There has been some research showing the benefit of using Kanban for data science projects, and in fact, some data science teams do use Kanban to help streamline their data science project. However, most do so without specific training and certification. With this in mind, below, we provide a quick overview of Kanban as well as the strengths and weaknesses of using Kanban for data science projets.
Kanban defines a set of key principles: Visualize the workflow, limit work-in-progress, measure and manage flow, make process policies explicit, and improve collaboratively / implement feedback loops.

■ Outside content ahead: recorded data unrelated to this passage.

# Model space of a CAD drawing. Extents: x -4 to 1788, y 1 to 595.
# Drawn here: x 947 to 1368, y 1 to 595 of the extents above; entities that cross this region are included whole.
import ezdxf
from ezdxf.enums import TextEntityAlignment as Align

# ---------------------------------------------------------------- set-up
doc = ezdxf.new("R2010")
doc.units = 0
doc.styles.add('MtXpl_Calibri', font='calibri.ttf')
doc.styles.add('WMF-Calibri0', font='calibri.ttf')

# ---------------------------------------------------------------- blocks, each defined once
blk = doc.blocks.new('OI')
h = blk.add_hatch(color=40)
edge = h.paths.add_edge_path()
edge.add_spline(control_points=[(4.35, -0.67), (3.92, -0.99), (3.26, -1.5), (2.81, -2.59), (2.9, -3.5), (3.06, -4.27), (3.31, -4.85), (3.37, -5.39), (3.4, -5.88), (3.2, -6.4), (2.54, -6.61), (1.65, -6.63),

When using Kanban, the data science team starts with a list of potential features or tasks, similar to the backlog concept of scrum, that are placed in the initial “To Do” column of a Kanban board, which is a visual representation of workflow. In a simple three column board (see below), when the team decides to start working on the task, the Kanban card (task) is moved from the “To Do” to the “Doing” column. When the team completes its task, it is moved to the “Done” column. Kanban boards often have additional columns. For example, teams often add a validation column before the “Done” column.
Uncompleted work, or work in progress (often referred to as WIP), is thought of as an investment whose value has yet to be realized – and will not be realized until the work is completed. To help reduce WIP, Kanban teams set WIP Limits that define the maximum number of tasks that can simultaneously exist in a given column. For example, if a team places a WIP limit of three in the Doing column, then they are only allowed to be simultaneously working on three items at once. If the team wants to bring in a fourth item from To Do into Doing, the team would first have to complete one of the tasks, move the task from Doing to Done, which free’s up space for the new item.
Strengths of Kanban
Two key strengths of Kanban are that (1) it visually represents work on a Kanban board with work items flowing across the columns (or bins) of increasing work status completion (i.e., work items are represented visually on a Kanban board, allowing all of the data science team members to see the state of every piece of work at any time), and (2) it aims to minimize work-in-progress.
The concept minimizing WIP enables agility since new knowledge is gained prior to the start of more work. In other words, possible future tasks are re-prioritized each time a new task starts, and by minimizing how many new tasks are in progress, a data science project can re-prioritize as needed without significant wasted effort.
Kanban proponents claim that Kanban offers improved project visibility, team communication and coordination. In fact, Kanban has been shown to be effective for data science. Its fluid and less rigorous processes provide data scientists with greater flexibility to execute their work without having to hit constant deadlines.
Challenges in using Kanban
Despite the benefits of using Kanban, there are also challenges to using Kanban for data science efforts. One key challenges is that Kanban has no specified process framework nor any specifically defined roles, meetings. Furthermore, time boxes are not defined in Kanban. Rather, each data science team is free to use any process framework that supports / encourages the Kanban principles (minimizing WIP, etc). While this is a positive for data science projects (in that an analysis is often difficult to scope), it is also a challenge, in that some managers want “specific deadlines”. In fact, Scrum teams often use Kanban as a secondary approach to manage workflow during the sprint, although often without WIP limits.
Since, Kanban does not define project roles nor any process specifics, the freedom Kanban provides can be part of the challenge in implementing Kanban. In other words, the lack of process structure can be a strength (since the lack of a specified process definition allows teams to implement Kanban within existing organizational practices), as well as a weakness, as each data science team that wants to use Kanban needs to figure out their own processes and artifacts. This means that the lack of process definition can cause each data science team to implement Kanban in a different way. Hence, it is not surprising that there remains a lack of consensus around how to use Kanban.
The fact that Kanban does not explicitly specify a process framework also suggests that Kanban needs to be supported by additional practices and/or frameworks. For example, a data science team could use Kanban with CRISP-DM or TDSP. This lack of process definition also explains why teams that use Kanban have noted that “Kanban requires integration with existing agile techniques, which can be complicated, expensive, and time-consuming”.